**What you should do:** The answer must be every line below that holds the word "Cone".

**Provided material:**

Content starts

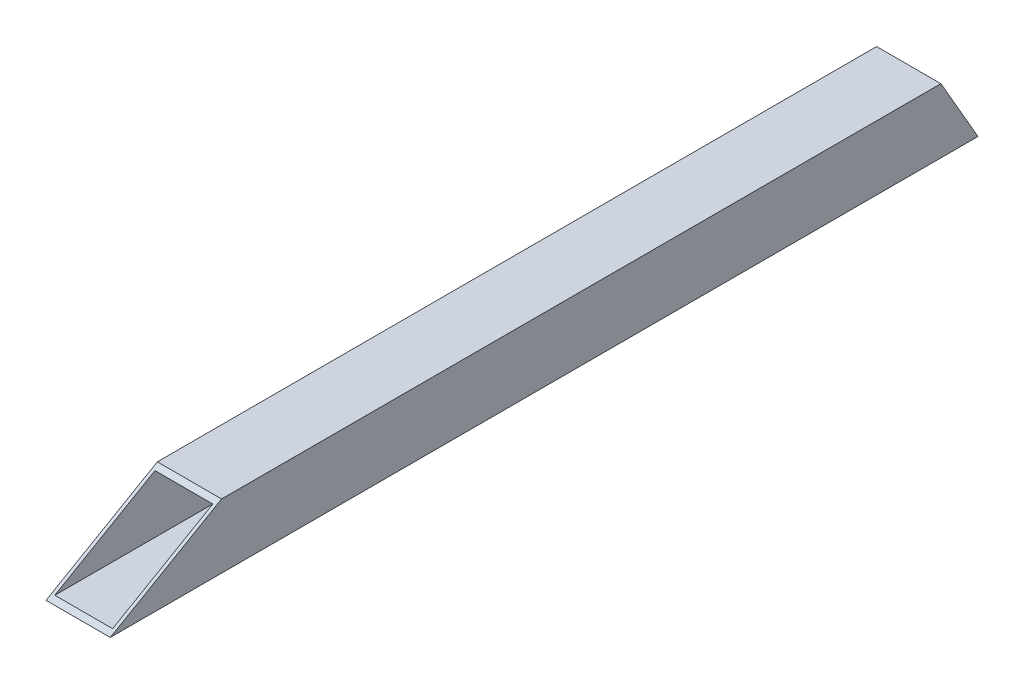
from build123d import *

# Parameters (mm, degrees)
SKETCH_1_W          = 20
SKETCH_1_H          = 20
SKETCH_1_W_2        = 18
SKETCH_1_H_2        = 18
EXTRUDE_1_DEPTH     = 270
CUT_EXTRUDE_1_DEPTH = 250


with BuildPart() as part:
    # 草图1 → 凸台-拉伸1 (new body)
    with BuildSketch(Plane.XY):
        with Locations((10, 10)):
            Rectangle(SKETCH_1_W, SKETCH_1_H)
        with Locations((10, 10)):
            Rectangle(SKETCH_1_W_2, SKETCH_1_H_2, mode=Mode.SUBTRACT)
    extrude(amount=EXTRUDE_1_DEPTH)

    # 草图2 → 切除-拉伸1 (cut)
    with BuildSketch(Plane(origin=(20, 0, 0), x_dir=(0, 0, -1), z_dir=(1, 0, 0))):
        Polygon((-270, 20), (-270, 0), (-235.358983849, 20), align=None)
        Polygon((-11.547005384, 20), (0, 20), (0, 0), align=None)
    extrude(amount=-CUT_EXTRUDE_1_DEPTH, mode=Mode.SUBTRACT)


solid = part.part
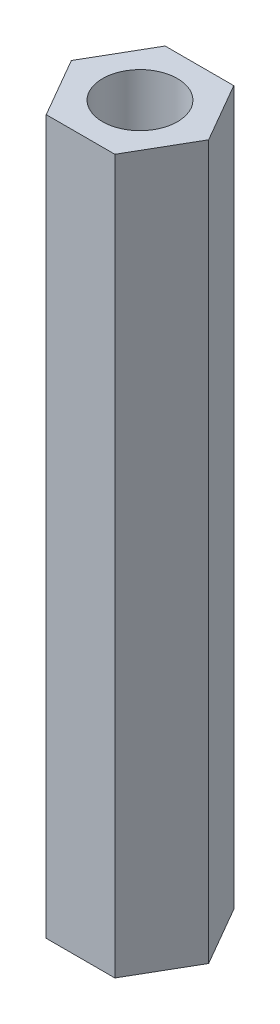
from build123d import *

# Parameters (mm, degrees)
EXTRUDE_1_DEPTH       = 30
HOLE_WIZARD_M35_D     = 3.15
HOLE_WIZARD_M35_DEPTH = 8
HOLE_WIZARD_M35_TIP   = 0.946355475
HOLE_WIZARD_M36_D     = 3.15
HOLE_WIZARD_M36_DEPTH = 8
HOLE_WIZARD_M36_TIP   = 0.946355475


with BuildPart() as part:
    # Эскиз1 → Бобышка-Вытянуть1 (new body)
    with BuildSketch(Plane(origin=(0, 0, 0), x_dir=(1, 0, 0), z_dir=(0, 1, 0))):
        Polygon((2.886751346, 0), (1.443375673, 2.5), (-1.443375673, 2.5), (-2.886751346, 0), (-1.443375673, -2.5), (1.443375673, -2.5), align=None)
    extrude(amount=EXTRUDE_1_DEPTH)

    # Сверло под метчик  спиральное M35
    with Locations(Plane(origin=(0, 30, 0), x_dir=(1, 0, 0), z_dir=(0, 1, 0))):
        with Locations((0, 0)):
            Hole(HOLE_WIZARD_M35_D / 2, depth=HOLE_WIZARD_M35_DEPTH)
            with Locations((0, 0, -(HOLE_WIZARD_M35_DEPTH + HOLE_WIZARD_M35_TIP / 2))):  # 118° drill point
                Cone(0, HOLE_WIZARD_M35_D / 2, HOLE_WIZARD_M35_TIP, mode=Mode.SUBTRACT)

    # Сверло под метчик  спиральное M36
    with Locations(Plane(origin=(0, 0, 0), x_dir=(-1, 0, 0), z_dir=(0, -1, 0))):
        with Locations((0, 0)):
            Hole(HOLE_WIZARD_M36_D / 2, depth=HOLE_WIZARD_M36_DEPTH)
            with Locations((0, 0, -(HOLE_WIZARD_M36_DEPTH + HOLE_WIZARD_M36_TIP / 2))):  # 118° drill point
                Cone(0, HOLE_WIZARD_M36_D / 2, HOLE_WIZARD_M36_TIP, mode=Mode.SUBTRACT)


solid = part.part
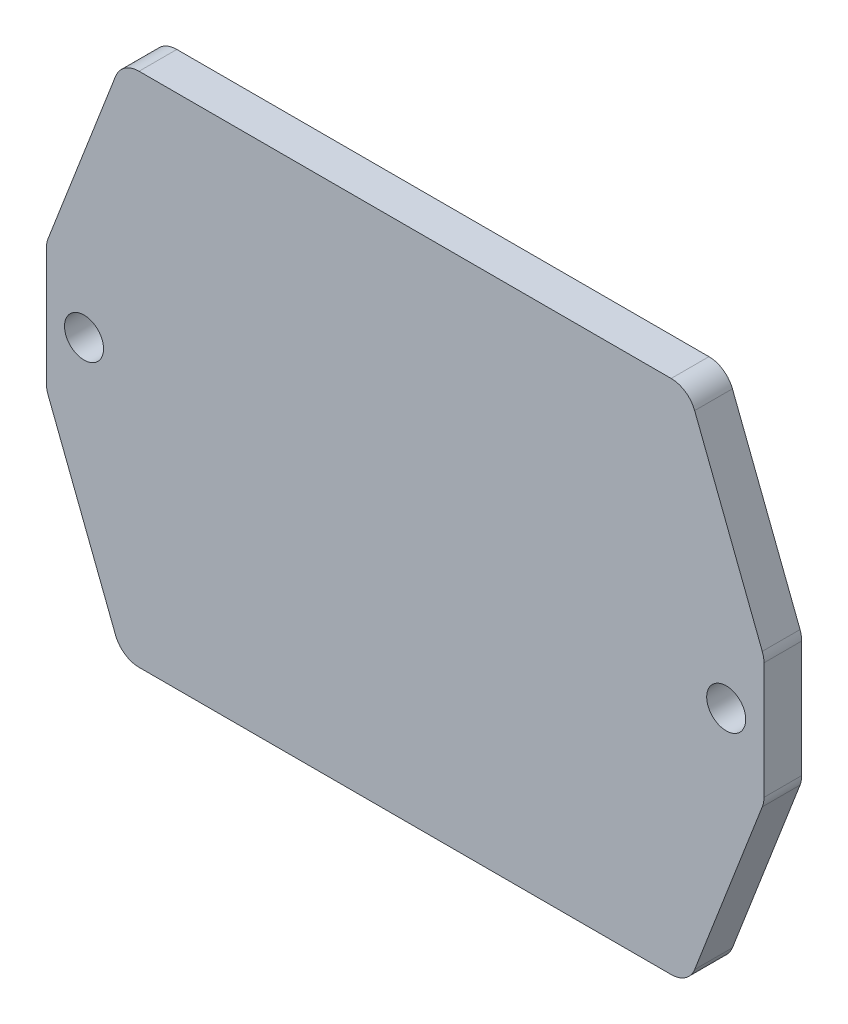
from build123d import *

# Parameters (mm, degrees)
SKETCH_1_W          = 45
SKETCH_1_H          = 41
EXTRUDE_1_DEPTH     = 3
SKETCH_2_W          = 12
SKETCH_2_H          = 10
EXTRUDE_2_DEPTH     = 3
EXTRUDE_3_DEPTH     = 3
SKETCH_4_R          = 1.55
CUT_EXTRUDE_1_DEPTH = 3
FILLET_1_R          = 2


with BuildPart() as part:
    # 草图1 → 凸台-拉伸1 (new body)
    with BuildSketch(Plane.XY):
        Rectangle(SKETCH_1_W, SKETCH_1_H)
    extrude(amount=EXTRUDE_1_DEPTH)

    # 草图2 → 凸台-拉伸2 (add)
    with BuildSketch(Plane.XY.offset(3)):
        with Locations((22.5, 0)):
            Rectangle(SKETCH_2_W, SKETCH_2_H)
        with Locations((-22.5, 0)):
            Rectangle(SKETCH_2_W, SKETCH_2_H)
    extrude(amount=-EXTRUDE_2_DEPTH)

    # 草图3 → 凸台-拉伸3 (add)
    with BuildSketch(Plane.XY.offset(3)):
        Polygon((-22.5, 20.5), (-28.5, 5), (-22.5, 5), align=None)
        Polygon((22.5, 5), (22.5, 20.5), (28.5, 5), align=None)
        Polygon((-28.5, -5), (-22.5, -5), (-22.5, -20.5), align=None)
        Polygon((22.5, -20.5), (28.5, -5), (22.5, -5), align=None)
    extrude(amount=-EXTRUDE_3_DEPTH)

    # 草图4 → 切除-拉伸1 (cut)
    with BuildSketch(Plane.XY.offset(3)):
        with Locations((25.5, 0)):
            Circle(SKETCH_4_R)
        with Locations(Location((-25.5, 0, 0), (0, 0, 180))):
            Circle(SKETCH_4_R)
    extrude(amount=-CUT_EXTRUDE_1_DEPTH, mode=Mode.SUBTRACT)

    # 圆角1
    fillet_1_edges = [part.edges().sort_by_distance(p)[0] for p in [
        (28.5, -5, 1.5),
        (28.5, 5, 1.5),
        (-28.5, 5, 1.5),
        (-28.5, -5, 1.5),
        (22.5, -20.5, 1.5),
        (-22.5, -20.5, 1.5),
        (-22.5, 20.5, 1.5),
        (22.5, 20.5, 1.5),
    ]]
    fillet(fillet_1_edges, radius=FILLET_1_R)


solid = part.part

Content ends

**Result of this task:**
                Cone(0, HOLE_WIZARD_M35_D / 2, HOLE_WIZARD_M35_TIP, mode=Mode.SUBTRACT)
                Cone(0, HOLE_WIZARD_M36_D / 2, HOLE_WIZARD_M36_TIP, mode=Mode.SUBTRACT)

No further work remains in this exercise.